You need to also hook `sys_enter_sendto` or trace the socket descriptor through its lifetime to see which binary is actually pumping bytes. I've seen agents where the `connect` originates from a generic networking library, but the sensitive data is shoved into the socket by a separate, obfuscated module. Your log would show a benign parent process, missing the real culprit.
Your choice of the `sys_enter_connect` tracepoint is a good starting point for visibility, but I need to push back on its completeness for this threat model. You're only capturing the initiation of a TCP stream. A sophisticated agent, particularly one trying to obfuscate its telemetry, could easily use a pre-connected socket inherited from a parent process, or use `sendto`/`sendmsg` on an already-established UDP or raw socket, bypassing the `connect` syscall entirely.
The more critical blind spot is encrypted payload inspection. Your log shows `destination IP:port` and protocol, but the contents of the POST to `metrics.foo.com:443` are opaque. An agent could be embedding environment variables, partial configuration, or system fingerprints in those TLS payloads. You've mapped the exfiltration channels, but not the data volume or sensitivity. For a true audit, you'd need to pair this with a sidecar that can perform TLS interception with the agent's own CA, which introduces its own complexity.
Still, your data on the sheer number of distinct FQDNs is the real value here.
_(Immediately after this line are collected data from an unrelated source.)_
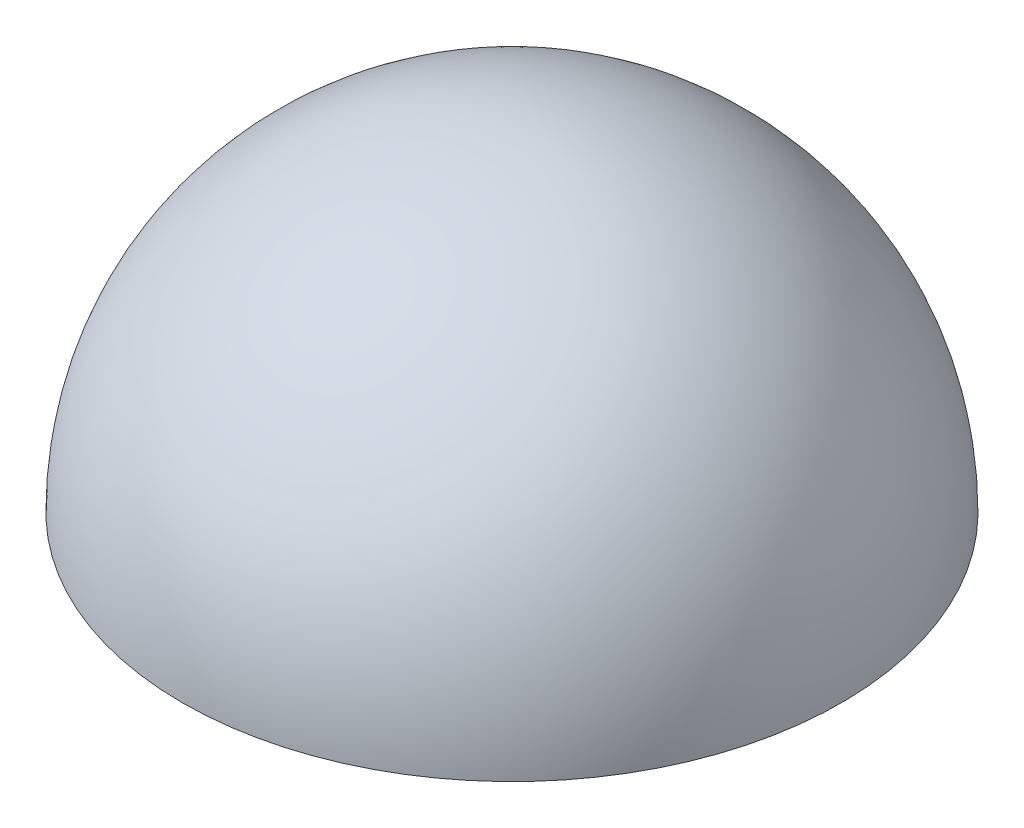
SolidWorks part; units mm, degrees
other "Markup1"
sketch "Sketch2"
ref_plane "Front Plane" through (0, 0, 0) normal (0, 0, 1) x (1, 0, 0)
ref_plane "Top Plane" through (0, 0, 0) normal (0, 1, 0) x (1, 0, 0)
ref_plane "Right Plane" through (0, 0, 0) normal (1, 0, 0) x (0, 0, -1)
sketch "Sketch1" plane through (0, 0, 0) normal (0, 1, 0) x (1, 0, 0)
  line L0 (0, 0) -> (0, 50)
  arc A2 (0, 0) -> (0, 50) centre (0, 25) ccw
revolve "Revolve3" add sketch "Sketch1" angle 180 about L0
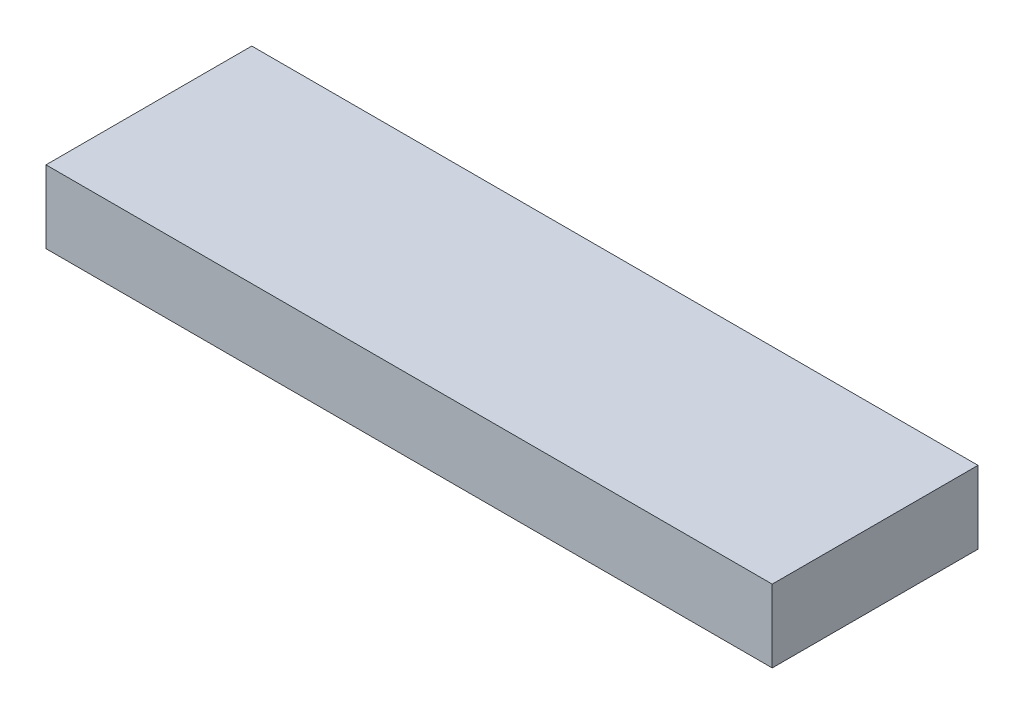
SolidWorks part; units mm, degrees
ref_plane "Front Plane" through (0, 0, 0) normal (0, 0, 1) x (1, 0, 0)
ref_plane "Top Plane" through (0, 0, 0) normal (0, 1, 0) x (1, 0, 0)
ref_plane "Right Plane" through (0, 0, 0) normal (1, 0, 0) x (0, 0, -1)
sketch "Sketch1" plane through (0, 0, 0) normal (0, 0, 1) x (1, 0, 0)
  line L0 (0.1537, 0.046) -> (0.2547, 0.046)
  line L1 (0, 0) -> (0.6, 0)
  line L2 (0, 0) -> (0, 0.06)
  line L3 (0, 0.06) -> (0.6, 0.06)
  line L4 (0.6, 0) -> (0.6, 0.06)
  line L5 (0.0151, 0.045) -> (0.116, 0.045)
  line L6 (0.0151, 0.045) -> (0.0151, 0.0158)
  line L7 (0.0151, 0.0158) -> (0.116, 0.0158)
  line L8 (0.116, 0.045) -> (0.116, 0.0158)
  line L9 (0.1537, 0.046) -> (0.1537, 0.0167)
  line L10 (0.1537, 0.0167) -> (0.2547, 0.0167)
  line L11 (0.2547, 0.046) -> (0.2547, 0.0167)
  line L12 (0.4801, 0.0441) -> (0.5811, 0.0441)
  line L13 (0.3415, 0.0431) -> (0.4424, 0.0431)
  line L14 (0.3415, 0.0139) -> (0.4424, 0.0139)
  line L15 (0.4424, 0.0431) -> (0.4424, 0.0139)
  line L16 (0.4801, 0.0441) -> (0.4801, 0.0148)
  line L17 (0.4801, 0.0148) -> (0.5811, 0.0148)
  line L18 (0.5811, 0.0441) -> (0.5811, 0.0148)
  line L19 (0.3415, 0.0431) -> (0.3415, 0.0139)
  dimension "D1" = 0.06
  dimension "D2" = 0.6
extrude "Boss-Extrude1" add sketch "Sketch1" along normal blind 0.15
sketch "Sketch2" plane through (0, 0, 0.15) normal (0, 0, 1) x (1, 0, 0)
  line L1 (0, 0.06) -> (0.6, 0.06)
  line L2 (0, 0.06) -> (0, 0)
  line L3 (0, 0) -> (0.6, 0)
  line L4 (0.6, 0.06) -> (0.6, 0)
extrude "Boss-Extrude2" add sketch "Sketch2" along normal blind 0.02
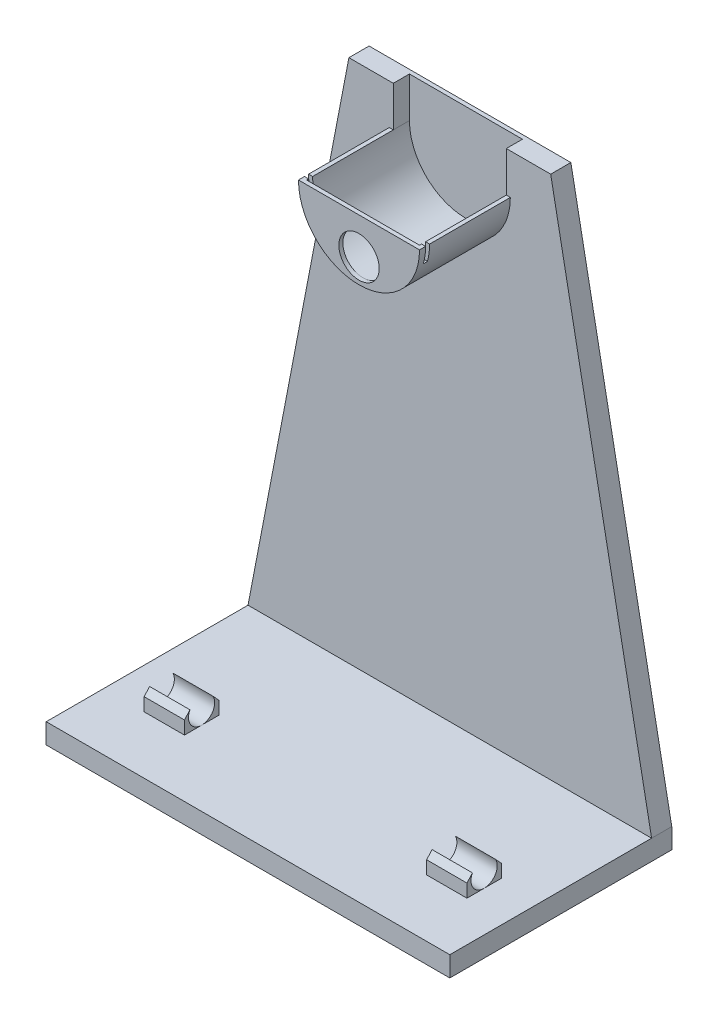
SolidWorks part; units mm, degrees
ref_plane "Front Plane" through (0, 0, 0) normal (0, 0, 1) x (1, 0, 0)
ref_plane "Top Plane" through (0, 0, 0) normal (0, 1, 0) x (1, 0, 0)
ref_plane "Right Plane" through (0, 0, 0) normal (1, 0, 0) x (0, 0, -1)
sketch "Sketch1" plane through (0, 0, 0) normal (0, 0, 1) x (1, 0, 0)
  line L0 (-50, 0) -> (50, 0) construction
  line L1 (0, 0) -> (0, 130) construction
  line L2 (25, 130) -> (-25, 130)
  line L5 (-50, 0) -> (-50, -5)
  line L6 (-50, -5) -> (50, -5)
  line L7 (50, 0) -> (50, -5)
  line L8 (0, 130) -> (0, 100) construction
  line L9 (-25, 130) -> (-50, 0)
  line L10 (25, 130) -> (50, 0)
  point P3 (0, 0)
  point P10 (0, 130)
extrude "Boss-Extrude1" add sketch "Sketch1" along normal blind 5
sketch "Sketch3" plane through (0, 0, 5) normal (0, 0, 1) x (1, 0, 0)
  line L0 (0, 120) -> (0, 110) construction
  line L2 (0, 110) -> (0, 0) construction
  line L3 (0, 110) -> (0, 120) construction
  line L4 (-15, 120) -> (15, 120)
  arc A0 (-15, 120) -> (15, 120) centre (0, 120) ccw
extrude "Boss-Extrude3" add sketch "Sketch3" along normal blind 22.5 contours A0 L4
sketch "Sketch12" plane through (0, 0, 5) normal (0, 0, 1) x (1, 0, 0)
  line L0 (-15, 120) -> (15, 120) construction
  line L1 (-15, 120) -> (15, 120) construction
  line L2 (-15, 120) -> (15, 120) construction
  line L4 (-14, 120) -> (-14, 130)
  line L5 (25, 130) -> (-25, 130) construction
  line L6 (-14, 130) -> (14, 130)
  line L7 (14, 130) -> (14, 120)
  arc A0 (-14, 120) -> (14, 120) centre (0, 120) ccw
  arc A1 (-15, 120) -> (15, 120) centre (0, 120) ccw construction
  point P3 (0, 106)
  point P13 (0, 105)
  dimension "D1" = 14
  dimension "D2" = 1
  dimension "D3" = 1
extrude "Cut-Extrude3" cut sketch "Sketch12" against normal blind 4 and the other way blind 21.5
sketch "Sketch2" plane through (0, 0, 5) normal (0, 0, 1) x (1, 0, 0)
  line L0 (-50, -5) -> (50, -5)
  line L1 (50, -5) -> (50, 0)
  line L2 (50, 0) -> (-50, 0)
  line L3 (-50, 0) -> (-50, -5)
extrude "Boss-Extrude2" add sketch "Sketch2" along normal blind 50
shell "Shell4" [suppressed] thickness 1
sketch "Sketch4" plane through (0, 0, 27.5) normal (0, 0, 1) x (1, 0, 0)
  line L0 (0, 105) -> (0, 111) construction
  arc A0 (-15, 120) -> (15, 120) centre (0, 120) ccw construction
  circle A1 centre (0, 111) radius 5
  dimension "D1" = 10
  dimension "D2" = 6
extrude "Cut-Extrude1" cut sketch "Sketch4" against normal blind 8.5
sketch "Sketch5" plane through (0, 120, 0) normal (0, 1, 0) x (1, 0, 0)
  line L3 (21.4474, -25) -> (21.4474, -26)
  line L4 (21.4474, -26) -> (-20.1929, -26)
  line L6 (-20.1929, -26) -> (-20.1929, -25)
  line L7 (-20.1929, -25) -> (21.4474, -25)
extrude "Cut-Extrude2" cut sketch "Sketch5" against normal blind 4
ref_plane "Plane2" through (35, 0, 0) normal (1, 0, 0) x (0, 0, -1)
ref_plane "Plane3" through (-35, 0, 0) normal (1, 0, 0) x (0, 0, -1)
sketch "Sketch8" plane through (-35, 0, 0) normal (1, 0, 0) x (0, 0, -1)
  line L0 (-27.5, 112.5) -> (-36.5, 112.5) construction
  line L1 (-27.5, 120) -> (-27.5, 105) construction
  line L2 (-36.5, 112.5) -> (-36.5, 3.25) construction
  line L4 (-55, 0) -> (-5, 0) construction
  line L7 (-39.75, 4.3474) -> (-39.75, 4.75) construction
  line L8 (-39.75, 4.75) -> (-33.25, 4.75) construction
  line L9 (-33.25, 4.75) -> (-33.25, 4.3474) construction
  line L13 (-40.75, 3.25) -> (-40.75, 0)
  line L15 (-32.25, 3.25) -> (-32.25, 0)
  line L16 (-33.6169, 4.75) -> (-32.25, 3.25)
  line L17 (-39.3831, 4.75) -> (-40.75, 3.25)
  line L18 (-5, 0) -> (-32.25, 0)
  line L23 (0, -5) -> (0, 0)
  line L24 (0, 0) -> (-5, 0)
  line L25 (-5, 0) -> (-55, 0)
  line L26 (-55, 0) -> (-55, -5)
  line L27 (-55, -5) -> (0, -5)
  line L28 (0, -5) -> (0, 0)
  line L29 (0, 0) -> (-5, 0)
  line L30 (-40.75, 0) -> (-55, 0)
  line L31 (-55, 0) -> (-55, -5)
  line L32 (-55, -5) -> (0, -5)
  arc A1 (-39.3831, 4.75) -> (-33.6169, 4.75) centre (-36.5, 3.25) ccw
  dimension "D1" = 0
sketch "Sketch11" plane through (35, 0, 0) normal (1, 0, 0) x (0, 0, -1)
  line L0 (-27.5, 112.5) -> (-36.5, 112.5) construction
  line L2 (-36.5, 112.5) -> (-36.5, 3.25) construction
  line L7 (-39.75, 4.3474) -> (-39.75, 4.75) construction
  line L8 (-39.75, 4.75) -> (-33.25, 4.75) construction
  line L9 (-33.25, 4.75) -> (-33.25, 4.3474) construction
  line L13 (-40.75, 3.25) -> (-40.75, 0)
  line L15 (-32.25, 3.25) -> (-32.25, 0)
  line L16 (-33.6169, 4.75) -> (-32.25, 3.25)
  line L17 (-39.3831, 4.75) -> (-40.75, 3.25)
  line L18 (-5, 0) -> (-32.25, 0)
  line L28 (0, -5) -> (0, 0)
  line L29 (0, 0) -> (-5, 0)
  line L30 (-40.75, 0) -> (-55, 0)
  line L31 (-55, 0) -> (-55, -5)
  line L32 (-55, -5) -> (0, -5)
  arc A1 (-39.3831, 4.75) -> (-33.6169, 4.75) centre (-36.5, 3.25) ccw
extrude "Boss-Extrude5" add sketch "Sketch8" along normal blind 5 and the other way blind 5
extrude "Boss-Extrude6" add sketch "Sketch11" along normal blind 5 and the other way blind 5

It quantifies the attack surface shift. Even if you can't see the data, you now know how many external endpoints you're implicitly trusting not to be compromised or malicious.
Your eBPF approach is a correct first step for mapping the declared attack surface, but you're right to be infuriated. Over 15 distinct FQDNs from a single monitoring agent indicates a clear violation of the principle of least privilege that should be contractually mandated.
The critical next step isn't just logging, it's policy enforcement. You now have the empirical data to author a NetworkPolicy or CiliumNetworkPolicy that denies all egress, then whitelists only the endpoints required for the agent's *documented* function. The remaining connections will fail, and you can present those failure logs to the vendor as a compliance defect.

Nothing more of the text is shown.